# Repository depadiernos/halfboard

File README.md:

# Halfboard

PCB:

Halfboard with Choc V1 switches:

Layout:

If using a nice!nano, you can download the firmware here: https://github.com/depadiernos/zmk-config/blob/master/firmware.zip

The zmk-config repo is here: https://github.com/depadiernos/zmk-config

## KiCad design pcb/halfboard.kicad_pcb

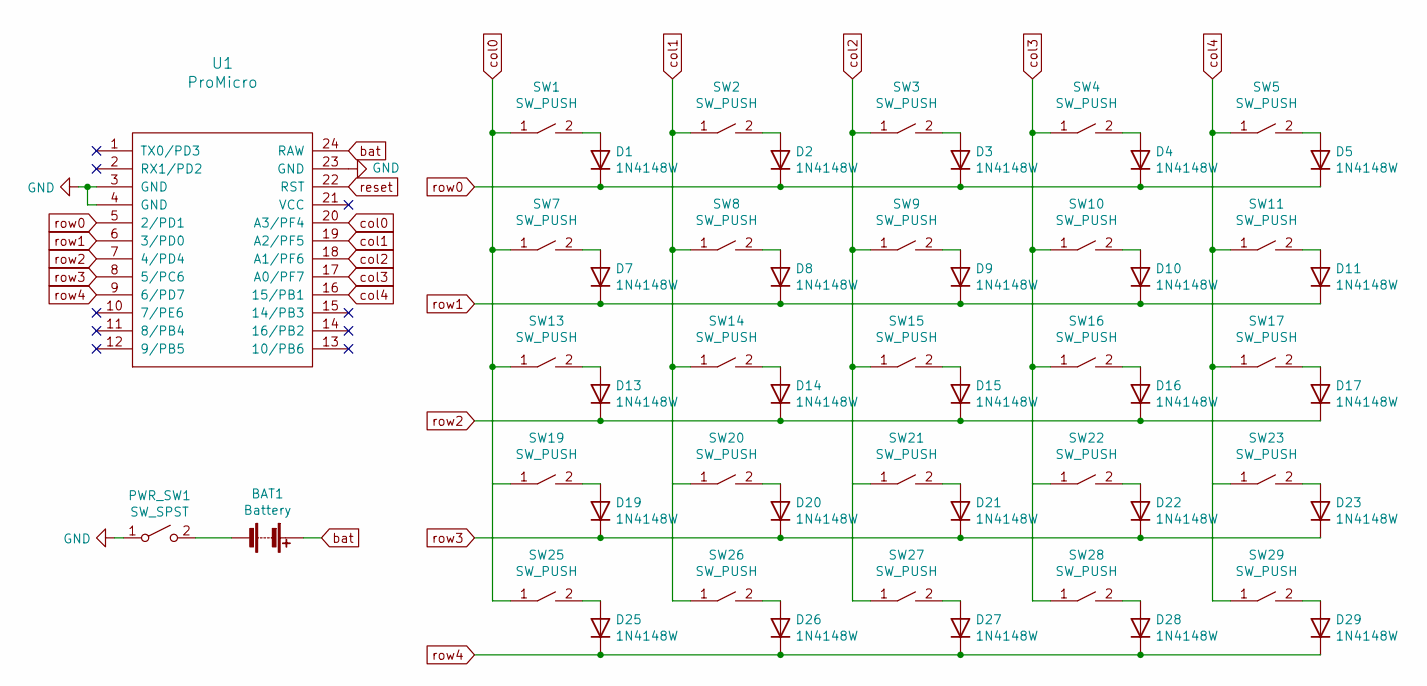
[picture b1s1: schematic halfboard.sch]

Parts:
BAT1: Battery; PinHeader_1x02_P2.54mm_Vertical
D1, D2, D3, D4, D5, D7, D8, D9, D10, D11, D13, D14, D15, D16, D17, D19, D20, D21, D22, D23, D25, D26, D27, D28, D29: 1N4148W; Diode-dual
PWR_SW1: SW_SPST; SW_SPDT_PCM12
SW1, SW2, SW3, SW4, SW5, SW7, SW8, SW9, SW10, SW11, SW13, SW14, SW15, SW16, SW17, SW19, SW20, SW21, SW22, SW23, SW25, SW26, SW27, SW28, SW29: SW_PUSH; MX-ALPs-PG1350-LED-FLIP
U1: ProMicro; ArduinoProMicro-TopSide

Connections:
GND: PWR_SW1.1 (A), U1.3 (GND), U1.4 (GND), U1.23 (GND)
unnamed: BAT1.2 (-), PWR_SW1.2 (B)
unnamed: D1.2 (A), SW1.2
unnamed: D2.2 (A), SW2.2
unnamed: D3.2 (A), SW3.2
unnamed: D4.2 (A), SW4.2
unnamed: D5.2 (A), SW5.2
unnamed: D7.2 (A), SW7.2
unnamed: D8.2 (A), SW8.2
unnamed: D9.2 (A), SW9.2
unnamed: D10.2 (A), SW10.2
unnamed: D11.2 (A), SW11.2
unnamed: D13.2 (A), SW13.2
unnamed: D14.2 (A), SW14.2
unnamed: D15.2 (A), SW15.2
unnamed: D16.2 (A), SW16.2
unnamed: D17.2 (A), SW17.2
unnamed: D19.2 (A), SW19.2
unnamed: D20.2 (A), SW20.2
unnamed: D21.2 (A), SW21.2
unnamed: D22.2 (A), SW22.2
unnamed: D23.2 (A), SW23.2
unnamed: D25.2 (A), SW25.2
unnamed: D26.2 (A), SW26.2
unnamed: D27.2 (A), SW27.2
unnamed: D28.2 (A), SW28.2
unnamed: D29.2 (A), SW29.2
bat: BAT1.1 (+), U1.24 (RAW)
col0: SW1.1, SW7.1, SW13.1, SW19.1, SW25.1, U1.20 (A3/PF4)
col1: SW2.1, SW8.1, SW14.1, SW20.1, SW26.1, U1.19 (A2/PF5)
col2: SW3.1, SW9.1, SW15.1, SW21.1, SW27.1, U1.18 (A1/PF6)
col3: SW4.1, SW10.1, SW16.1, SW22.1, SW28.1, U1.17 (A0/PF7)
col4: SW5.1, SW11.1, SW17.1, SW23.1, SW29.1, U1.16 (15/PB1)
reset: U1.22 (RST)
row0: D1.1 (K), D2.1 (K), D3.1 (K), D4.1 (K), D5.1 (K), U1.5 (2/PD1)
row1: D7.1 (K), D8.1 (K), D9.1 (K), D10.1 (K), D11.1 (K), U1.6 (3/PD0)
row2: D13.1 (K), D14.1 (K), D15.1 (K), D16.1 (K), D17.1 (K), U1.7 (4/PD4)
row3: D19.1 (K), D20.1 (K), D21.1 (K), D22.1 (K), D23.1 (K), U1.8 (5/PC6)
row4: D25.1 (K), D26.1 (K), D27.1 (K), D28.1 (K), D29.1 (K), U1.9 (6/PD7)

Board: 2 copper layers, 53 parts (0 on the bottom side), 38 nets, no tracks yet.

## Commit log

2021-01-06 Add kicad and gerber files.
2021-01-06 add pcb screenshot
2021-01-06 add screenshot of pcb
2021-01-06 add ground planes
2021-01-06 add option to flip the board
2021-01-06 update screenshot
2021-01-06 Update PCB
2021-01-07 Add a bottom plate with mcu cut out
2021-01-07 update gerber files
2021-01-07 move gerber files to a folder
2021-01-08 update switch footpring to support v2
2021-01-08 update switch footprint to support Choc v2
2021-01-08 switch to a universal switch footprint. supports mx, alps, choc v1/v2.
2021-01-08 clean footprint
2021-01-08 tweak universal footprint a bit more
2021-01-10 route traces and fix spacing of footprints
2021-01-10 various tweaks
2021-01-10 remove unused footprints
2021-01-10 remove some unneeded silkscreen
2021-01-10 update gerber files again
2021-01-12 rotated the switch footprint
2021-01-15 add halfboard mockup image
2021-01-15 add mockup image
2021-01-18 upload default layout
2021-01-18 set width
2021-01-19 update layout img
2021-01-19 move battery/switch and correct polarity
2021-01-19 update gerber files and pcb screenshot
2021-01-19 remove front silkscreens
2021-01-19 update gerber zip and screenshot
2021-01-19 update layout and remove more silkscreen
2021-01-19 add gitignore to clean repo up a bit
2021-01-19 ignore common cache and backup files
2021-01-19 non-X2 halfboard-bottom gerber files
2021-01-19 add CERN OPEN HARDWARE LICENSE V2 strongly-reciprocal variant
2021-01-20 restructure project and add a top plate
2021-01-20 update pcb gerber files
2021-01-20 update top plate gerber files
2021-01-22 update footprint for better fit
2021-01-23 redo routing using freerouting
2021-01-23 update pcb image
2021-01-25 create schematics and assign footprints in pcb
2021-01-25 finish pcb using new schematics
2021-01-26 add ground plane
2021-01-26 update pcb render
2021-01-28 update layout image ... again
2021-02-03 5x4 layout instead of 6x4

════════════════

- _Work instructions_
Begin with the line that has "unnamed: D9.2 (A), SW9.2" in the listing above and end after the line that has "2021-01-08 update switch footprint"; output those lines exactly.

- _Response for this exercise_
unnamed: D9.2 (A), SW9.2
unnamed: D10.2 (A), SW10.2
unnamed: D11.2 (A), SW11.2
unnamed: D13.2 (A), SW13.2
unnamed: D14.2 (A), SW14.2
unnamed: D15.2 (A), SW15.2
unnamed: D16.2 (A), SW16.2
unnamed: D17.2 (A), SW17.2
unnamed: D19.2 (A), SW19.2
unnamed: D20.2 (A), SW20.2
unnamed: D21.2 (A), SW21.2
unnamed: D22.2 (A), SW22.2
unnamed: D23.2 (A), SW23.2
unnamed: D25.2 (A), SW25.2
unnamed: D26.2 (A), SW26.2
unnamed: D27.2 (A), SW27.2
unnamed: D28.2 (A), SW28.2
unnamed: D29.2 (A), SW29.2
bat: BAT1.1 (+), U1.24 (RAW)
col0: SW1.1, SW7.1, SW13.1, SW19.1, SW25.1, U1.20 (A3/PF4)
col1: SW2.1, SW8.1, SW14.1, SW20.1, SW26.1, U1.19 (A2/PF5)
col2: SW3.1, SW9.1, SW15.1, SW21.1, SW27.1, U1.18 (A1/PF6)
col3: SW4.1, SW10.1, SW16.1, SW22.1, SW28.1, U1.17 (A0/PF7)
col4: SW5.1, SW11.1, SW17.1, SW23.1, SW29.1, U1.16 (15/PB1)
reset: U1.22 (RST)
row0: D1.1 (K), D2.1 (K), D3.1 (K), D4.1 (K), D5.1 (K), U1.5 (2/PD1)
row1: D7.1 (K), D8.1 (K), D9.1 (K), D10.1 (K), D11.1 (K), U1.6 (3/PD0)
row2: D13.1 (K), D14.1 (K), D15.1 (K), D16.1 (K), D17.1 (K), U1.7 (4/PD4)
row3: D19.1 (K), D20.1 (K), D21.1 (K), D22.1 (K), D23.1 (K), U1.8 (5/PC6)
row4: D25.1 (K), D26.1 (K), D27.1 (K), D28.1 (K), D29.1 (K), U1.9 (6/PD7)

Board: 2 copper layers, 53 parts (0 on the bottom side), 38 nets, no tracks yet.

## Commit log

2021-01-06 Add kicad and gerber files.
2021-01-06 add pcb screenshot
2021-01-06 add screenshot of pcb
2021-01-06 add ground planes
2021-01-06 add option to flip the board
2021-01-06 update screenshot
2021-01-06 Update PCB
2021-01-07 Add a bottom plate with mcu cut out
2021-01-07 update gerber files
2021-01-07 move gerber files to a folder
2021-01-08 update switch footpring to support v2
2021-01-08 update switch footprint to support Choc v2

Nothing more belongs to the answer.